Calpain Inhibitors
Calpains belong to a family of calcium-dependent thiol-proteases that proteolyze a wide variety of cytoskeletal, membraneassociated, and regulatory proteins. Fifteen gene products of the calpain family are reported in mammals, which are classified as nine typical and six atypical calpains. Typical calpains are characterized by a C-terminal Ca2+- binding domain that includes EF-hand motifs, while atypical calpains lack this region, but often contain additional domains. Calpains do not generally function as destructive proteases, but act as calcium-dependent modulators that remove limited portions of protein substrates. Calpains respond to Ca2+ signals by cleaving specific proteins, frequently components of signaling cascades, thereby irreversibly modifying their function. Two major isoforms of calpain are reported in mammals, calpain-1 (µ-form) and calpain-2 (m-form). They are constitutively expressed in all tissues and differ in their calcium requirement for activation (~50 µM for calpain-1 and ~500 µM for calpain-2) and contain several calciumbinding sites, which allosterically affect the enzyme activity.
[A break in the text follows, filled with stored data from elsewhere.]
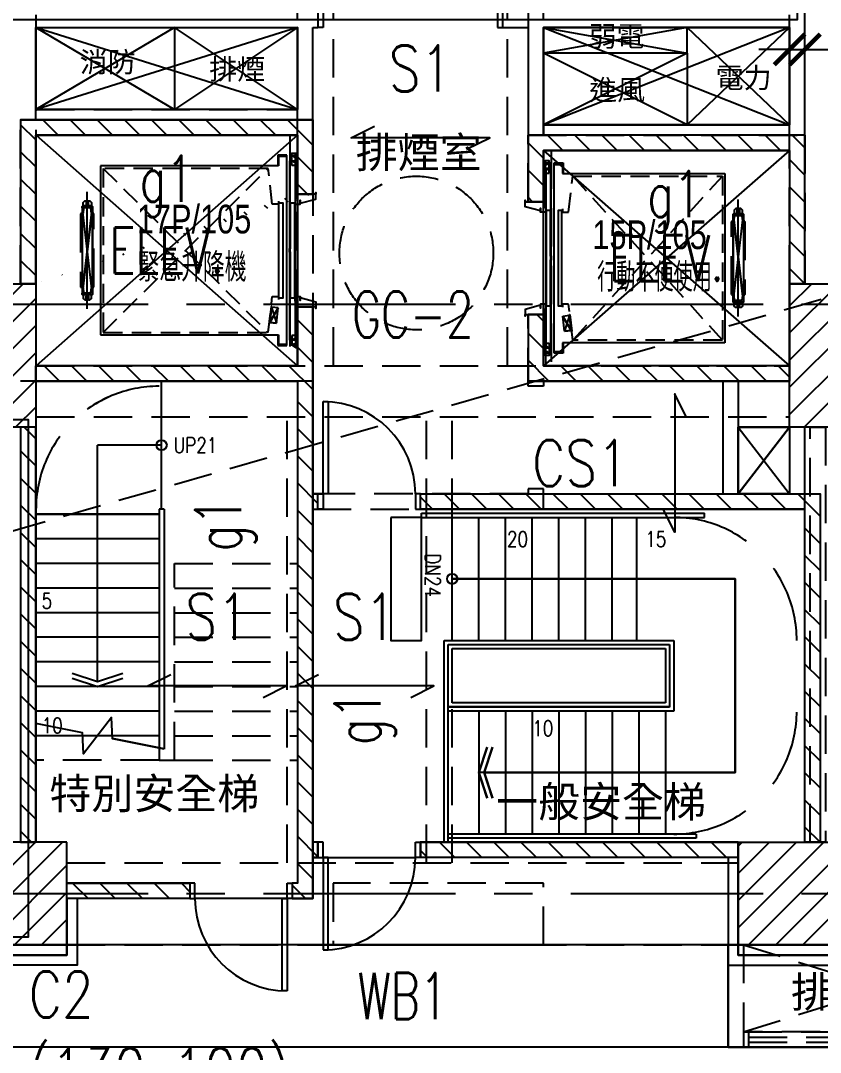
# Model space of a CAD drawing. Header units: millimetres. Extents: x -3377 to 119122, y -22007 to 15479.
# Drawn here: x 28935 to 29715, y 839 to 1846 of the extents above; entities that cross this region are included whole.
import ezdxf
from ezdxf.enums import TextEntityAlignment as Align
from ezdxf.xclip import XClip

# ---------------------------------------------------------------- set-up
doc = ezdxf.new("R2010")
doc.units = ezdxf.units.MM
doc.header["$LTSCALE"] = 150
doc.header["$MEASUREMENT"] = 0
for name, pattern in [('CENTER', [2, 1.25, -0.25, 0.25, -0.25]), ('CONTINOUS', [0]), ('DIVIDE2', [15.875, 6.35, -3.175, 0, -3.175, 0, -3.175]), ('DOT', [0.25, 0, -0.25]), ('HIDDEN', [0.375, 0.25, -0.125]), ('HIDDEN2', [0.1875, 0.125, -0.0625]), ('HIDDENX2', [0.75, 0.5, -0.25]), ('PHANTOM2', [31.75, 15.875, -3.175, 3.175, -3.175, 3.175, -3.175])]:
    doc.linetypes.add(name, pattern=pattern)
doc.layers.get('0').update_dxf_attribs({"plot": 0})
doc.layers.add('AREA', color=3, linetype='Continuous', plot=False)
doc.layers.add('S-ARCH', color=252, linetype='Continuous', plot=False)
for name, color, linetype in [('BEAM', 251, 'DOT'), ('CENTER', 1, 'CENTER'), ('COL', 1, 'Continuous'), ('DIM1', 7, 'Continuous'), ('E-TXT', 7, 'Continuous'), ('FIN', 5, 'Continuous'), ('HIDDEN', 2, 'HIDDEN'), ('OPEN', 4, 'Continuous'), ('OTHER', 4, 'Continuous'), ('PLANT', 3, 'Continuous'), ('S-COL', 7, 'Continuous'), ('S-COLB', 4, 'HIDDEN'), ('S-CONCB', 4, 'HIDDEN'), ('S-CONCB-W', 140, 'HIDDEN'), ('S-CONCWALL', 30, 'Continuous'), ('S-DIM', 2, 'Continuous'), ('S-GRID', 1, 'CENTER'), ('S-HATCH-COL', 13, 'Continuous'), ('S-HATCH-CONCWALL', 161, 'Continuous'), ('S-OPEN', 13, 'Continuous'), ('S-RCBMB', 3, 'HIDDEN'), ('S-RCBMG', 2, 'HIDDEN'), ('S-SLAB', 5, 'Continuous'), ('S-SLABT', 2, 'Continuous'), ('S-STAIR', 1, 'Continuous'), ('S-TEXT', 2, 'Continuous'), ('S-TEXTB', 3, 'Continuous'), ('S-TEXTC', 3, 'Continuous'), ('S-TEXTG', 2, 'Continuous'), ('STAIR', 4, 'Continuous'), ('STAIR3', 7, 'Continuous'), ('TEXT', 2, 'Continuous'), ('WALL', 2, 'Continuous'), ('WALL3', 4, 'Continuous')]:
    doc.layers.add(name, color=color, linetype=linetype)
doc.styles.add('3E', font='simplex.shx', dxfattribs={"width": 0.8, "height": 45, "bigfont": 'dayus.shx'})
doc.styles.add('CHINA', font='romans.shx', dxfattribs={"width": 0.8, "bigfont": 'china.shx'})
doc.styles.add('CHINESET', font='c2.shx', dxfattribs={"bigfont": 'china.shx'})
doc.styles.add('CS4', font='romans.shx', dxfattribs={"width": 0.7, "height": 45, "bigfont": 'lsp.shx'})
doc.styles.add('HH', font='')
doc.styles.get('HH').set_extended_font_data('Microsoft JhengHei')
doc.dimstyles.new('DIM150', dxfattribs={"dimscale": 15, "dimtxt": 3, "dimasz": 2, "dimexe": 2, "dimexo": 2, "dimgap": 1, "dimtad": 1, "dimdec": 1, "dimdsep": 46, "dimtxsty": 'CS4', "dimblk1": 'ARCHTICK', "dimblk2": 'ARCHTICK', "dimsah": 1, "dimcen": 2, "dimdle": 2, "dimadec": 0, "dimazin": 0, "dimtfac": 1, "dimtdec": 1, "dimtmove": 0, "dimatfit": 3, "dimldrblk": 'TAA', "dimfxl": 0, "dimtolj": 1, "dimarcsym": 0})

# ---------------------------------------------------------------- blocks, each defined once
blk = doc.blocks.new('LINE')
at = {"layer": 'S-GRID'}
for points in [[(-11059.11, -2310.91), (-4810.87, -2310.91)], [(-11059.11, -2885.91), (-4810.87, -2885.91)]]:
    blk.add_lwpolyline(points, dxfattribs=at)
blk = doc.blocks.new('CONC')
blk.add_lwpolyline([(-7350.9, -2855.9), (-6695.9, -2855.9), (-6695.9, -2935.9), (-7350.9, -2935.9)], close=True)
blk = doc.blocks.new('_ARCHTICK')
at = {"color": 0, "linetype": 'ByBlock', "const_width": 0.15}
blk.add_lwpolyline([(-0.5, -0.5), (0.5, 0.5)], dxfattribs=at)
blk = doc.blocks.new('*D56')
at = {"layer": 'DEFPOINTS', "color": 0, "transparency": 16777216}
for p in [(29700.3, 1817.8), (29685.3, 1719.2), (29700.3, 1719.2)]:
    blk.add_point(p, dxfattribs=at)
at = {"layer": 'S-DIM', "color": 0, "lineweight": -2, "transparency": 16777216}
for p, q in [((29685.3, 1749.2), (29685.3, 1847.8)), ((29700.3, 1749.2), (29700.3, 1847.8)), ((29685.3, 1817.8), (29655.3, 1817.8)), ((29685.3, 1817.8), (29700.3, 1817.8)), ((29700.3, 1817.8), (30036.6, 1817.8))]:
    blk.add_line(p, q, dxfattribs=at)
at = {"layer": 'S-DIM', "color": 0, "lineweight": -2, "transparency": 16777216, "xscale": 30, "yscale": 30, "zscale": 30}
blk.add_blockref('_ARCHTICK', (29685.3, 1817.8), dxfattribs=at)
at = {"layer": 'S-DIM', "color": 0, "lineweight": -2, "transparency": 16777216, "xscale": 30, "yscale": 30, "zscale": 30, "rotation": 180}
blk.add_blockref('_ARCHTICK', (29700.3, 1817.8), dxfattribs=at)
at = {"layer": 'S-DIM', "color": 0, "transparency": 16777216, "char_height": 45, "attachment_point": 5, "style": 'CS4'}
for s, insert in [('\\A1;RC牆(TYP.)', (29906.7, 1867.1)), ('\\A1;W(15)', (29906.7, 1768.5))]:
    blk.add_mtext(s, dxfattribs=dict(at, insert=insert))
blk = doc.blocks.new('TAA')
at = {"linetype": 'Continuous'}
blk.add_line((0, 0), (-1.663, 0), dxfattribs=at)
blk.add_solid([(-1.5, -0.25), (-1.5, 0.25), (0, 0)], dxfattribs=at)
blk = doc.blocks.new('WALL(B1F)')
for points in [[(-7395.9, -2290.9), (-7395.9, -2130.9), (-7110.9, -2130.9), (-7110.9, -2385.9), (-7380.9, -2385.9), (-7380.9, -2370.9), (-7125.9, -2370.9), (-7125.9, -2145.9), (-7380.9, -2145.9), (-7380.9, -2290.9), (-7395.9, -2290.9)], [(-6645.9, -2290.9), (-6645.9, -2160.9), (-6885.9, -2160.9), (-6885.9, -2210.9), (-6900.9, -2210.9), (-6900.9, -2145.9), (-6630.9, -2145.9), (-6630.9, -2290.9), (-6645.9, -2290.9)], [(-6645.9, -2385.9), (-6885.9, -2385.9), (-6885.9, -2390.9), (-6900.9, -2390.9), (-6900.9, -2320.9), (-6885.9, -2320.9), (-6885.9, -2370.9), (-6645.9, -2370.9), (-6645.9, -2385.9)], [(-6885.9, -2490.9), (-6900.9, -2490.9), (-6900.9, -2495.9), (-7125.9, -2495.9), (-7125.9, -2855.9), (-7110.9, -2855.9), (-7110.9, -2510.9), (-6885.9, -2510.9), (-6885.9, -2490.9)]]:
    blk.add_lwpolyline(points)
blk.add_lwpolyline([(-6610.9, -2835.9), (-6625.9, -2835.9), (-6625.9, -2430.9), (-6610.9, -2430.9)], close=True)
blk = doc.blocks.new('COL(1F)')
for points in [[(-7465.9, -2290.9), (-7380.9, -2290.9), (-7380.9, -2430.9), (-7465.9, -2430.9)], [(-6645.9, -2290.9), (-6560.9, -2290.9), (-6560.9, -2430.9), (-6645.9, -2430.9)], [(-7350.9, -2835.9), (-7480.9, -2835.9), (-7480.9, -2935.9), (-7350.9, -2935.9)], [(-6695.9, -2835.9), (-6565.9, -2835.9), (-6565.9, -2935.9), (-6695.9, -2935.9)]]:
    blk.add_lwpolyline(points, close=True)
blk = doc.blocks.new('WALL(1F)')
for points in [[(-7110.9, -2203.4), (-7110.9, -2130.9), (-7395.9, -2130.9), (-7395.9, -2290.9), (-7380.9, -2290.9)], [(-7380.9, -2290.9), (-7380.9, -2145.9), (-7125.9, -2145.9), (-7125.9, -2203.4)], [(-7125.9, -2203.4), (-7110.9, -2203.4)], [(-7005.9, -2495.9), (-6615.9, -2495.9), (-6615.9, -2835.9), (-6630.9, -2835.9), (-6630.9, -2510.9), (-7005.9, -2510.9), (-7005.9, -2495.9)]]:
    blk.add_lwpolyline(points)
for points in [[(-6630.9, -2290.9), (-6630.9, -2145.9), (-6900.9, -2145.9), (-6900.9, -2210.9), (-6885.9, -2210.9), (-6885.9, -2160.9), (-6645.9, -2160.9), (-6645.9, -2290.9)], [(-7110.9, -2313.4), (-7125.9, -2313.4), (-7125.9, -2370.9), (-7380.9, -2370.9), (-7380.9, -2385.9), (-7125.9, -2385.9), (-7125.9, -2875.9), (-7130.9, -2875.9), (-7130.9, -2890.9), (-7110.9, -2890.9), (-7110.9, -2850.9), (-7105.9, -2850.9), (-7105.9, -2835.9), (-7110.9, -2835.9), (-7110.9, -2510.9), (-7105.9, -2510.9), (-7105.9, -2495.9), (-7110.9, -2495.9), (-7110.9, -2385.9)], [(-6645.9, -2385.9), (-6645.9, -2370.9), (-6885.9, -2370.9), (-6885.9, -2320.9), (-6900.9, -2320.9), (-6900.9, -2385.9)], [(-7380.9, -2430.9), (-7395.9, -2430.9), (-7395.9, -2835.9), (-7380.9, -2835.9)], [(-7005.9, -2835.9), (-6695.9, -2835.9), (-6695.9, -2850.9), (-7005.9, -2850.9)], [(-7230.9, -2890.9), (-7350.9, -2890.9), (-7350.9, -2875.9), (-7230.9, -2875.9)]]:
    blk.add_lwpolyline(points, close=True)
blk = doc.blocks.new('STAIR(1F)')
for p, q in [((-7380.9, -2385.9), (-7380.9, -2719.9)), ((-6943.9, -2767.9), (-6933.9, -2767.9))]:
    blk.add_line(p, q)
at = {"linetype": 'CONTINOUS'}
for p, q in [((-7258.4, -2510.9), (-7258.4, -2385.9)), ((-7258.4, -2448.4), (-7320.9, -2448.4)), ((-7320.9, -2678.9), (-7320.9, -2448.4)), ((-7260.9, -2515.9), (-7380.9, -2515.9)), ((-7260.9, -2510.9), (-7260.9, -2674.9)), ((-7255.9, -2510.9), (-7260.9, -2510.9)), ((-7255.9, -2510.9), (-7255.9, -2676.2)), ((-7004.9, -2514.9), (-6728.9, -2514.9)), ((-7004.9, -2518.9), (-7004.9, -2514.9)), ((-6728.9, -2518.9), (-6728.9, -2514.9)), ((-7004.9, -2518.9), (-6728.9, -2518.9)), ((-6974.9, -2638.9), (-6974.9, -2518.9)), ((-6948.9, -2638.9), (-6948.9, -2518.9)), ((-6922.9, -2638.9), (-6922.9, -2518.9)), ((-6896.9, -2638.9), (-6896.9, -2518.9)), ((-6870.9, -2638.9), (-6870.9, -2518.9)), ((-6844.9, -2638.9), (-6844.9, -2518.9)), ((-6818.9, -2638.9), (-6818.9, -2518.9)), ((-6794.9, -2638.9), (-6794.9, -2518.9)), ((-7260.9, -2539.9), (-7380.9, -2539.9)), ((-7260.9, -2563.9), (-7380.9, -2563.9)), ((-7260.9, -2587.9), (-7380.9, -2587.9)), ((-7260.9, -2611.9), (-7380.9, -2611.9)), ((-7260.9, -2635.9), (-7380.9, -2635.9)), ((-6982.9, -2638.9), (-6758.9, -2638.9)), ((-6982.9, -2835.9), (-6982.9, -2638.9)), ((-6978.9, -2642.9), (-6762.9, -2642.9)), ((-6978.9, -2835.9), (-6978.9, -2642.9)), ((-6974.9, -2646.9), (-6766.9, -2646.9)), ((-6974.9, -2699.9), (-6974.9, -2646.9)), ((-6766.9, -2646.9), (-6766.9, -2699.9)), ((-6762.9, -2642.9), (-6762.9, -2703.9)), ((-6758.9, -2638.9), (-6758.9, -2707.9)), ((-7260.9, -2659.9), (-7380.9, -2659.9)), ((-7260.9, -2674.9), (-7260.9, -2743.9)), ((-7255.9, -2676.2), (-7255.9, -2744.9)), ((-7260.9, -2683.9), (-7380.9, -2683.9)), ((-7260.9, -2683.9), (-7380.9, -2683.9)), ((-7260.9, -2707.9), (-7380.9, -2707.9)), ((-6762.9, -2703.9), (-6978.9, -2703.9)), ((-6758.9, -2707.9), (-6978.9, -2707.9)), ((-6766.9, -2699.9), (-6974.9, -2699.9)), ((-6948.9, -2707.9), (-6948.9, -2827.9)), ((-6922.9, -2707.9), (-6922.9, -2827.9)), ((-6896.9, -2707.9), (-6896.9, -2827.9)), ((-6870.9, -2707.9), (-6870.9, -2827.9)), ((-6844.9, -2707.9), (-6844.9, -2827.9)), ((-6818.9, -2707.9), (-6818.9, -2827.9)), ((-6792.9, -2707.9), (-6792.9, -2827.9)), ((-6766.9, -2707.9), (-6766.9, -2827.9)), ((-7320.9, -2731.9), (-7335.4, -2731.9)), ((-7260.9, -2731.9), (-7306.3, -2731.9)), ((-6736.9, -2827.9), (-6978.9, -2827.9)), ((-6736.9, -2827.9), (-6736.9, -2831.9)), ((-6736.9, -2831.9), (-6978.9, -2831.9))]:
    blk.add_line(p, q, dxfattribs=at)
for points in [[(-7258.4, -2385.9), (-7380.9, -2385.9)], [(-6974.9, -2578.9), (-6698.9, -2578.9), (-6698.9, -2767.9), (-6948.9, -2767.9)], [(-7345.7, -2670.9), (-7320.9, -2678.9), (-7296.1, -2670.9)], [(-7345.7, -2675.9), (-7320.9, -2683.9), (-7296.1, -2675.9)], [(-7255.9, -2744.9), (-7306.2, -2734.8), (-7307.1, -2714.3), (-7334.6, -2749.6), (-7335.6, -2729), (-7380.9, -2719.9)], [(-6940.8, -2792.7), (-6948.9, -2767.9), (-6940.8, -2743.1)], [(-6940.8, -2743.1), (-6948.9, -2767.9), (-6940.8, -2792.7)], [(-6935.8, -2792.7), (-6943.9, -2767.9), (-6935.8, -2743.1)], [(-6935.8, -2743.1), (-6943.9, -2767.9), (-6935.8, -2792.7)]]:
    blk.add_lwpolyline(points)
blk.add_lwpolyline([(-6943.9, -2767.9), (-6698.9, -2767.9), (-6698.9, -2578.9), (-6974.9, -2578.9)], dxfattribs=at)
for centre in [(-7258.4, -2448.4), (-6974.9, -2578.9)]:
    blk.add_circle(centre, 5)
at = {"linetype": 'HIDDENX2'}
for centre, start, end in [((-7260.9, -2510.9), 89.9967, 179.9992), ((-6758.9, -2638.9), 0, 90), ((-6758.9, -2707.9), 270, 0)]:
    blk.add_arc(centre, 120, start, end, dxfattribs=at)
at = {"extrusion": (0, 0, -1)}
blk.add_ellipse((-6974.9, -2578.9), major_axis=(-3.54, 3.54), ratio=1, start_param=5.497787, end_param=11.780972, dxfattribs=at)
at = {"style": 'CHINA', "width": 0.8}
blk.add_text('UP', height=15, dxfattribs=at).set_placement((-7246.7, -2456))
blk.add_text('DN', height=15, rotation=270, dxfattribs=at).set_placement((-7001.4, -2553.9))
blk = doc.blocks.new('COL(B1F)')
for points in [[(-7465.9, -2290.9), (-7380.9, -2290.9), (-7380.9, -2430.9), (-7465.9, -2430.9)], [(-6645.9, -2290.9), (-6560.9, -2290.9), (-6560.9, -2430.9), (-6645.9, -2430.9)], [(-7350.9, -2835.9), (-7480.9, -2835.9), (-7480.9, -2935.9), (-7350.9, -2935.9)], [(-6695.9, -2835.9), (-6565.9, -2835.9), (-6565.9, -2935.9), (-6695.9, -2935.9)]]:
    blk.add_lwpolyline(points, close=True)
blk = doc.blocks.new('DwFm')
at = {"layer": 'DEFPOINTS', "color": 252, "linetype": 'HIDDEN'}
blk.add_lwpolyline([(-6560.9, -6171), (-12110.4, -7760.1)], dxfattribs=at)
blk = doc.blocks.new('A$C46EB5EE3')
at = {"color": 252}
for p, q in [((-685, 250), (-820, 170)), ((-820, 250), (-685, 170)), ((-565, 250), (-685, 170)), ((-565, 170), (-685, 250)), ((-685, 250), (-685, 170)), ((-185, 225), (-185, 250)), ((-185, 225), (-325, 155)), ((-185, 155), (-325, 225)), ((-565, 170), (-820, 170)), ((-85, 155), (-325, 155)), ((-85, 155), (-325, 155)), ((-85, -140), (-135, -140)), ((-135, -205), (-85, -140)), ((-135, -140), (-85, -205)), ((-85, -140), (-85, -205))]:
    blk.add_line(p, q, dxfattribs=at)
at = {"color": 252, "ltscale": 10}
for p, q in [((-566.8, 115.5), (-566.8, 127.5)), ((-323.2, 108), (-323.2, 120)), ((-566.8, -50.5), (-566.8, -62.5)), ((-323.2, -58), (-323.2, -80))]:
    blk.add_line(p, q, dxfattribs=at)
at = {"color": 252, "linetype": 'HIDDEN2'}
for p, q in [((-754.5, 112.5), (-593.5, -47.5)), ((-754.5, -47.5), (-593.5, 112.5)), ((-150.5, 105), (-296.5, -55)), ((-150.5, -55), (-296.5, 105))]:
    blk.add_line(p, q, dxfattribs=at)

Calpain-1 and -2 exhibit about 55 to 65% sequence homology and are composed of an 80 kDa and a 30 kDa subunit. The 80 kDa subunit has the catalytic site and is unique to each isozyme, whereas the 30 kDa unit is the regulatory subunit and is common to both calpains 1 and 2. Several putative substrates of calpain-1 and -2 are known that are cleaved by both isoforms, but with different efficiencies. Recently, determinants for calpain-1 and -2 have been analyzed and it is shown that amino acid preferences extend over 11 residues around the scissile bond. Calpains prefer Leu, Thr, Val in the P2 position, Lys, Tyr, Arg in the P1 position, and proline in the region flanking the P2 - P’1 segment.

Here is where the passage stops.